Biology Letters
- Discipline: Biology
- Language: English
- Edited by: Louise Heathwaite

Publication details
- History: 2005–present
- Publisher: Royal Society (United Kingdom)
- Frequency: Monthly
- Open access: Hybrid
- Impact factor: 3 (2024)

Standard abbreviations
- ISO 4: Biol. Lett.

Indexing
- CODEN: BLLUAZ
- ISSN: 1744-9561 (print) 1744-957X (web)
- OCLC no.: 827741558

Links
- Journal homepage; Online access; Online archive;

= Biology Letters =

Biology Letters is a peer-reviewed scientific journal published by the Royal Society, established in 2005. It focuses on the rapid publication of short research articles, reviews, and opinion pieces across the biological sciences. The editor-in-chief is Louise Heathwaite FRS (Lancaster University).

==Contents==
As well as conventional short research articles, the journal has recently published Special Features and Mini Series. Special Features are collections of up to 20 articles on a specific theme and published across multiple issues. Mini Series include up to six articles that are published in one issue.

==History==
The journal was split off from the Proceedings of the Royal Society B: Biological Sciences in 2005 after having been published as a supplement. Originally it was published quarterly, then bimonthly, and since 2013 it has been published monthly. Printing ceased at the start of 2020.

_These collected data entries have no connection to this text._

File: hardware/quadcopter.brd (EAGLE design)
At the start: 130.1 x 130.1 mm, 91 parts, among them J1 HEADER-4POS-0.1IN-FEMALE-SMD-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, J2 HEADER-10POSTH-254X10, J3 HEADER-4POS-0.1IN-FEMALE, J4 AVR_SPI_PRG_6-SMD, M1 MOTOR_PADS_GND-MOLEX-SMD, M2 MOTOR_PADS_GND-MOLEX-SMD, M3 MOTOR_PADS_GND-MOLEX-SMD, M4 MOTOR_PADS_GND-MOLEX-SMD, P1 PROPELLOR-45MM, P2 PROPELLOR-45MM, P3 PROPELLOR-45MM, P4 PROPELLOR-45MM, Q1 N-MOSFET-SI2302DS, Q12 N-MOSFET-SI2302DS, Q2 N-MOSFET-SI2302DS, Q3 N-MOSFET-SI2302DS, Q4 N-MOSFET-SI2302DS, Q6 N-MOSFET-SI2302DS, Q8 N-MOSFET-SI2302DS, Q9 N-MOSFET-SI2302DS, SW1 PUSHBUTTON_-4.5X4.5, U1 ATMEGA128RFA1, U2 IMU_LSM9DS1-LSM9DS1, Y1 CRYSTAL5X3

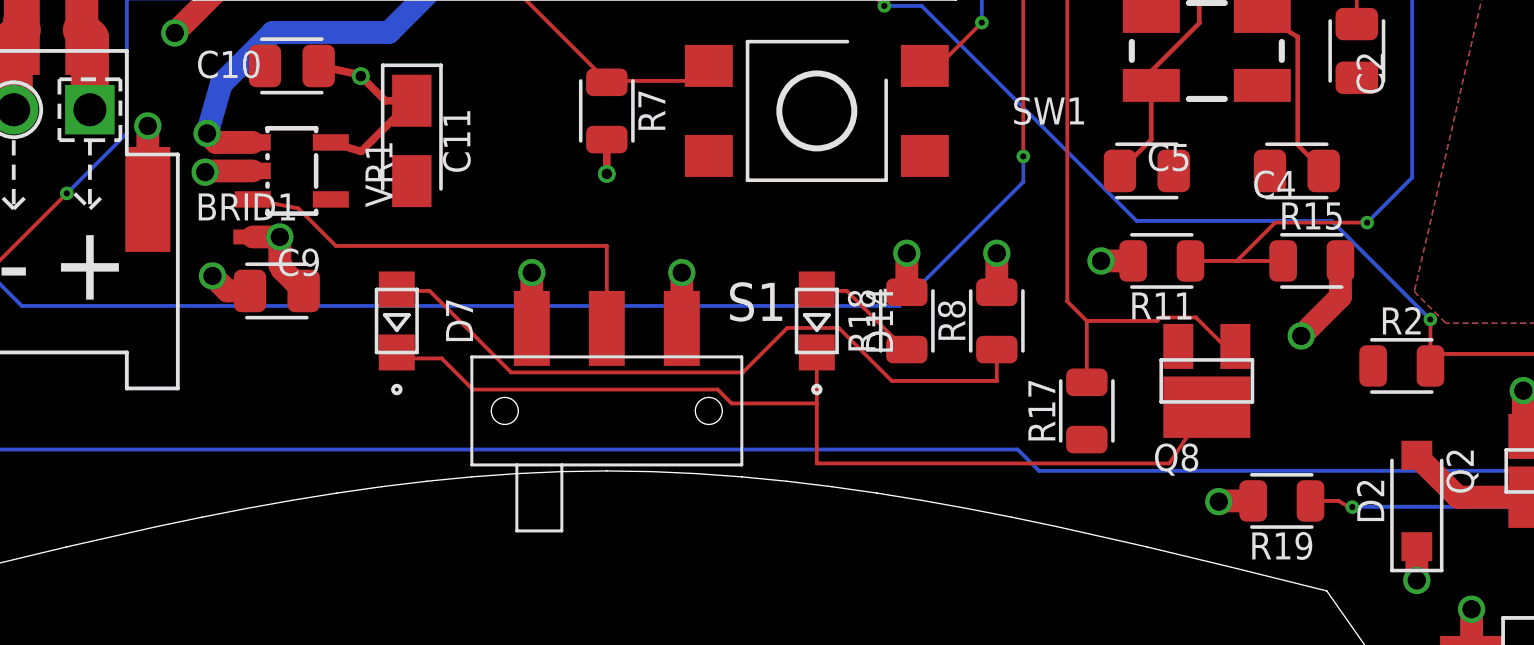
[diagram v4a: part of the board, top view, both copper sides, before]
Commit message: Aligned net bridge to 0.5mm grid
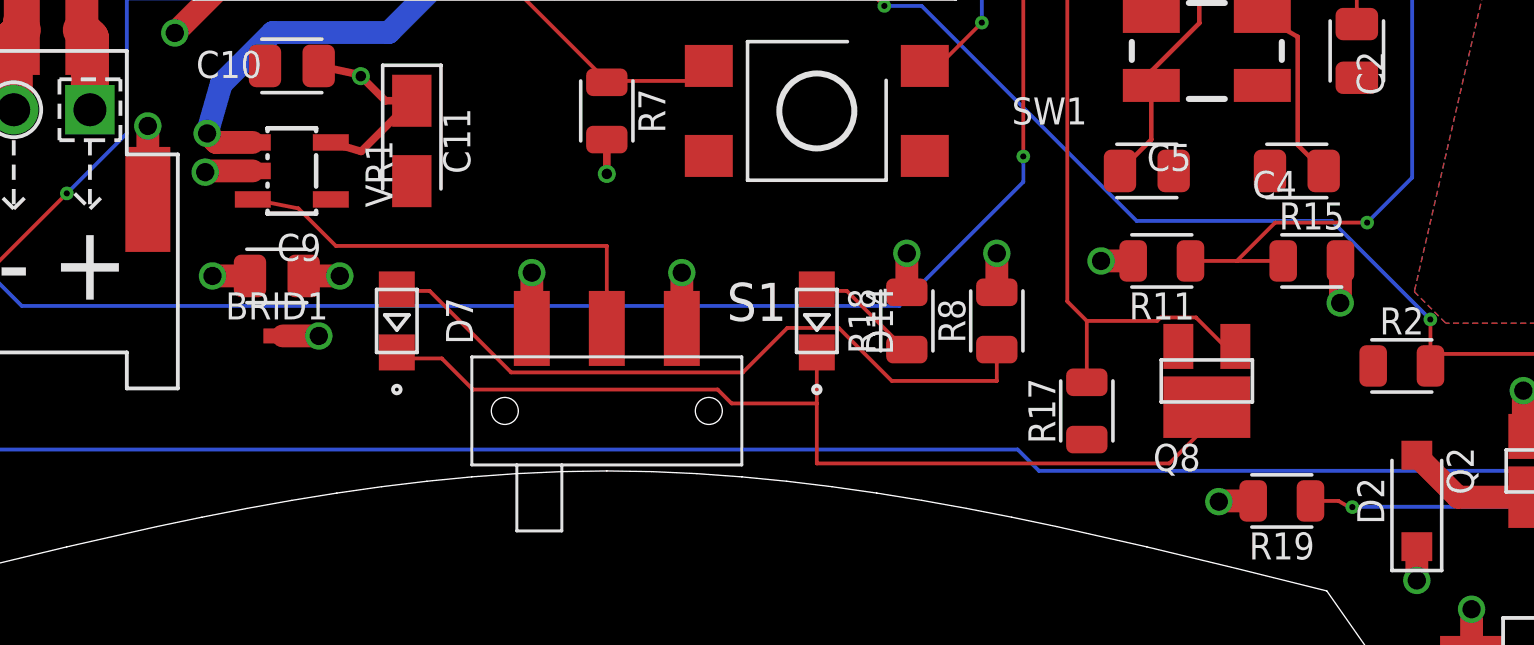
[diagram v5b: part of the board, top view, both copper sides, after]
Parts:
- moved BRID1 3.45 mm to (-11.0, -17.5)
- moved C9 0.50 mm to (-11.0, -15.5)
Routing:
- net BAT_GND: track 50.5 -> 48.2 mm, vias 21 -> 22
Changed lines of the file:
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@@
 <attribute name="NAME" x="-18.5" y="-4.5" size="0.9" layer="25" font="vector" align="center"/>
 </element>
-<element name="BRID1" library="custom_michael_shao" library_urn="urn:adsk.wipprod:fs.file:vf.WEX53KctTd223gU3vuBSuw" package="NET_BRIDGE_5X5" value="NET_BRIDGE_5X5" x="-12" y="-14.2" smashed="yes" rot="R180">
-<attribute name="CREATOR" value="Michael Shao" x="-37.4" y="83.59" size="1.778" layer="27" rot="R180" display="off"/>
-<attribute name="DIST" value="N/A" x="-37.4" y="83.59" size="1.778" layer="27" rot="R180" display="off"/>
-<attribute name="DISTPN" value="N/A" x="-37.4" y="83.59" size="1.778" layer="27" rot="R180" display="off"/>
-<attribute name="NAME" x="-12" y="-13.2" size="0.9" layer="25" font="vector" rot="R180" align="center"/>
+<element name="BRID1" library="custom_michael_shao" library_urn="urn:adsk.wipprod:fs.file:vf.WEX53KctTd223gU3vuBSuw" package="NET_BRIDGE_5X5" value="NET_BRIDGE_5X5" x="-11" y="-17.5" smashed="yes" rot="R180">
+<attribute name="CREATOR" value="Michael Shao" x="-36.4" y="80.29" size="1.778" layer="27" rot="R180" display="off"/>
+<attribute name="DIST" value="N/A" x="-36.4" y="80.29" size="1.778" layer="27" rot="R180" display="off"/>
+<attribute name="DISTPN" value="N/A" x="-36.4" y="80.29" size="1.778" layer="27" rot="R180" display="off"/>
+<attribute name="NAME" x="-11" y="-16.5" size="0.9" layer="25" font="vector" rot="R180" align="center"/>
 </element>
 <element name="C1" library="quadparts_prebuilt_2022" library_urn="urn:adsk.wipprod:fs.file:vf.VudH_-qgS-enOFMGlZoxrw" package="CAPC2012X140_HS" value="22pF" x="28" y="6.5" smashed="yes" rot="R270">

==Abstracting and indexing==
The journal is abstracted and indexed in:

- Biological Abstracts
- BIOSIS Previews
- CAB Abstracts
- Current Contents/Agriculture, Biology & Environmental Sciences
- Embase
- GEOBASE
- Index Medicus/MEDLINE/PubMed
- Répertoire International de Littérature Musicale
- Science Citation Index Expanded
- Scopus
- The Zoological Record

According to the Journal Citation Reports, the journal has a 2024 impact factor of 3.